Please read the records below and return each line holding the string "TestPoint".

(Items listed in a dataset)
+ + +

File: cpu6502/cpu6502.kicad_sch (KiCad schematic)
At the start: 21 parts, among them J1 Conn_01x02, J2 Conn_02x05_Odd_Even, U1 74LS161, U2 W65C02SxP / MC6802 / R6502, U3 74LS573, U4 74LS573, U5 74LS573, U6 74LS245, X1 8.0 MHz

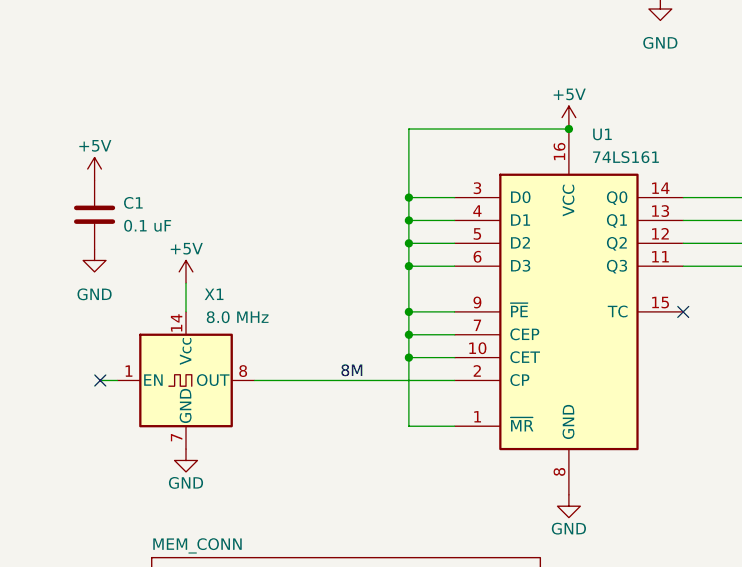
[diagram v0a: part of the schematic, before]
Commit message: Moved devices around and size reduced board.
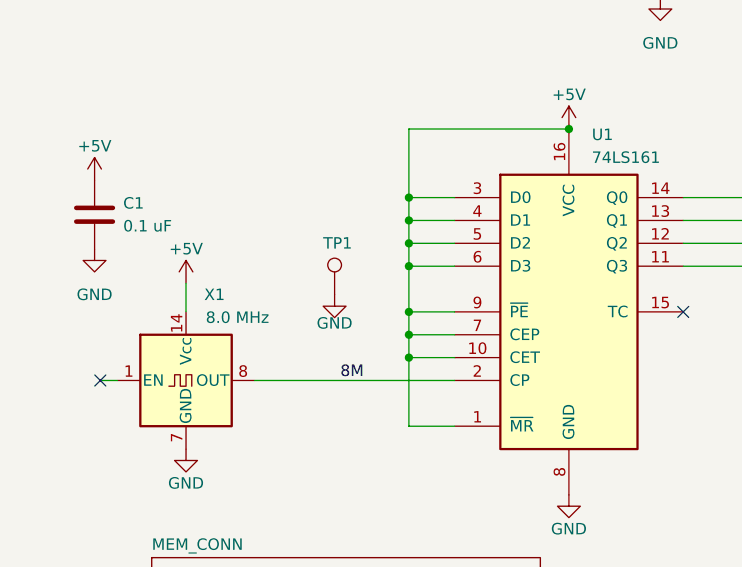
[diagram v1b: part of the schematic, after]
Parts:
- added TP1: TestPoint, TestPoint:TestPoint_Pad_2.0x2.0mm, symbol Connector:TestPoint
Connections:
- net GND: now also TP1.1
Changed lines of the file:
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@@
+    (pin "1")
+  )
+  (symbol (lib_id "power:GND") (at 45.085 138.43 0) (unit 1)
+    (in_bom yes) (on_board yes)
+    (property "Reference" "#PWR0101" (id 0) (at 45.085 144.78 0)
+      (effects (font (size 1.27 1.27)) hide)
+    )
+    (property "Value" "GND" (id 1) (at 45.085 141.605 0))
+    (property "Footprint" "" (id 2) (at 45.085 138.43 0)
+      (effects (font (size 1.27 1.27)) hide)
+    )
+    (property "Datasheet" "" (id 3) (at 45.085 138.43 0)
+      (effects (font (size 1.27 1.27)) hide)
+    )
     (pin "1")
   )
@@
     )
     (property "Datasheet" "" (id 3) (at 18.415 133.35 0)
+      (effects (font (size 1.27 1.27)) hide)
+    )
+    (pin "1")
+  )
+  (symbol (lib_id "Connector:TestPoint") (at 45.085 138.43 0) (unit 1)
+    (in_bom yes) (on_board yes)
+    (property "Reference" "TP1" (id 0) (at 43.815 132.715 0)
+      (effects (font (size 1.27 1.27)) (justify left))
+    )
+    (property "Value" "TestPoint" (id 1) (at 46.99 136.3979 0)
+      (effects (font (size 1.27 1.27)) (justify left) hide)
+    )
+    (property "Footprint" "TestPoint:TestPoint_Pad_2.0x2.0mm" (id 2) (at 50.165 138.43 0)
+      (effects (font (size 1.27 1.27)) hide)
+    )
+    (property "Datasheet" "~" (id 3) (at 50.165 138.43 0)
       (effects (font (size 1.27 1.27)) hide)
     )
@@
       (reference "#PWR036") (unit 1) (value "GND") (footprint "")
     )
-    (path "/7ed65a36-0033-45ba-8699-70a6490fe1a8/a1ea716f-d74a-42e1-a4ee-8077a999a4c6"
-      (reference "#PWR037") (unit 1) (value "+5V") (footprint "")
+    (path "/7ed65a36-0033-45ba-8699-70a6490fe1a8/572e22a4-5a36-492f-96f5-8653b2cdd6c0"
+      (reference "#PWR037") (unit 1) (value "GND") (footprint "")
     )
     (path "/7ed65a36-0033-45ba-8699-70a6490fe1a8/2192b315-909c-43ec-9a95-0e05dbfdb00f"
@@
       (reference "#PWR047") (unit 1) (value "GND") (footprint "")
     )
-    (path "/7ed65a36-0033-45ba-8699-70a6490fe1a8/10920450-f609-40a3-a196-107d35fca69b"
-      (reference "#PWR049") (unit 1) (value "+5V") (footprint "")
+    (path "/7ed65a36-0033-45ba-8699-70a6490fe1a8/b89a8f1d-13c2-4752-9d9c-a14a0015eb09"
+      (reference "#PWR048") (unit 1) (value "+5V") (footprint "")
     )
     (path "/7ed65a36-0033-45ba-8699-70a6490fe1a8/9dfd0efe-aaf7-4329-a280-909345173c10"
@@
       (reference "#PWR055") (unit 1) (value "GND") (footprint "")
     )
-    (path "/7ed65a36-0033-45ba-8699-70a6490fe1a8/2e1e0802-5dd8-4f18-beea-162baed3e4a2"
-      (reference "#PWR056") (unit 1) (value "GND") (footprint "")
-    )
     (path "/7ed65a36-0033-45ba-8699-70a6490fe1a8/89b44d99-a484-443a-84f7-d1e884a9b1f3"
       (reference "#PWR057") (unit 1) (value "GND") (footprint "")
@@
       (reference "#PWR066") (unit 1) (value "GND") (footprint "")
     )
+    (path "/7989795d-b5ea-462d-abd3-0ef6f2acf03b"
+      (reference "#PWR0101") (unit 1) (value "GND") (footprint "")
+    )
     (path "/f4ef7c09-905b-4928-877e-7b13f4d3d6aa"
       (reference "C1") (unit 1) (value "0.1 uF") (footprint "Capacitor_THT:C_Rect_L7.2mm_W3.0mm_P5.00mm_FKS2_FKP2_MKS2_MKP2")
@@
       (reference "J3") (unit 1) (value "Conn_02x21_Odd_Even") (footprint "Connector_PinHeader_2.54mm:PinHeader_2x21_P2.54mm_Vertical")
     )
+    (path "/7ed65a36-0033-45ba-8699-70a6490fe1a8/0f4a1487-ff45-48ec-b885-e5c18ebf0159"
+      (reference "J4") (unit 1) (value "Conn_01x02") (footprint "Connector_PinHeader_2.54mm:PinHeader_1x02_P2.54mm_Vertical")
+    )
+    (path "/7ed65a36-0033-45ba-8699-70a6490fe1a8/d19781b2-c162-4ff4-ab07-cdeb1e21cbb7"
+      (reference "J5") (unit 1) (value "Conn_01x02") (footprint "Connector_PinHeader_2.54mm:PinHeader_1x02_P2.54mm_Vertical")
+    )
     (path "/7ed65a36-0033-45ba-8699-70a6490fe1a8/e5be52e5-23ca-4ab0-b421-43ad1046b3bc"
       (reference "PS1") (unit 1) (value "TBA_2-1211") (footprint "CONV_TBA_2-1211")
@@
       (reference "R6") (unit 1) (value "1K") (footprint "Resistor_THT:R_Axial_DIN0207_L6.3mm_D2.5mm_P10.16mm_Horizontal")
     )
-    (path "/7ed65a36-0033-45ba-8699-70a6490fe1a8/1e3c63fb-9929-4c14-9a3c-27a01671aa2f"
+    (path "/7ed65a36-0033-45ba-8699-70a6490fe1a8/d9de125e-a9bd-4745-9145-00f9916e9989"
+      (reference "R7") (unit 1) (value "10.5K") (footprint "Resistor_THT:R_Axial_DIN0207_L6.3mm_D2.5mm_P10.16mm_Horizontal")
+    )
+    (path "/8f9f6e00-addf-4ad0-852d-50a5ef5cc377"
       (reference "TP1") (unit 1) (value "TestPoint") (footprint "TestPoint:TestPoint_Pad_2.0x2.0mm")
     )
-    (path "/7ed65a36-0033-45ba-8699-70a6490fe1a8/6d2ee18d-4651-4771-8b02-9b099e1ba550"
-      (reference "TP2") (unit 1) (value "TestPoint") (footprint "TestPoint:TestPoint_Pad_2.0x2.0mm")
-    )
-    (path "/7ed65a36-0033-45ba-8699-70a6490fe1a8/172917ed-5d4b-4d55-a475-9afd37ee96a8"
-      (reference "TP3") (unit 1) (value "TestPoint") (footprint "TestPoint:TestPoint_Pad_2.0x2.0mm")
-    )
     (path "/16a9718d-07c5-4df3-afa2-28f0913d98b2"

+ + +

▶ **RESULT BELOW**:
- added TP1: TestPoint, TestPoint:TestPoint_Pad_2.0x2.0mm, symbol Connector:TestPoint
+  (symbol (lib_id "Connector:TestPoint") (at 45.085 138.43 0) (unit 1)
+    (property "Value" "TestPoint" (id 1) (at 46.99 136.3979 0)
+    (property "Footprint" "TestPoint:TestPoint_Pad_2.0x2.0mm" (id 2) (at 50.165 138.43 0)
       (reference "TP1") (unit 1) (value "TestPoint") (footprint "TestPoint:TestPoint_Pad_2.0x2.0mm")
-      (reference "TP2") (unit 1) (value "TestPoint") (footprint "TestPoint:TestPoint_Pad_2.0x2.0mm")
-      (reference "TP3") (unit 1) (value "TestPoint") (footprint "TestPoint:TestPoint_Pad_2.0x2.0mm")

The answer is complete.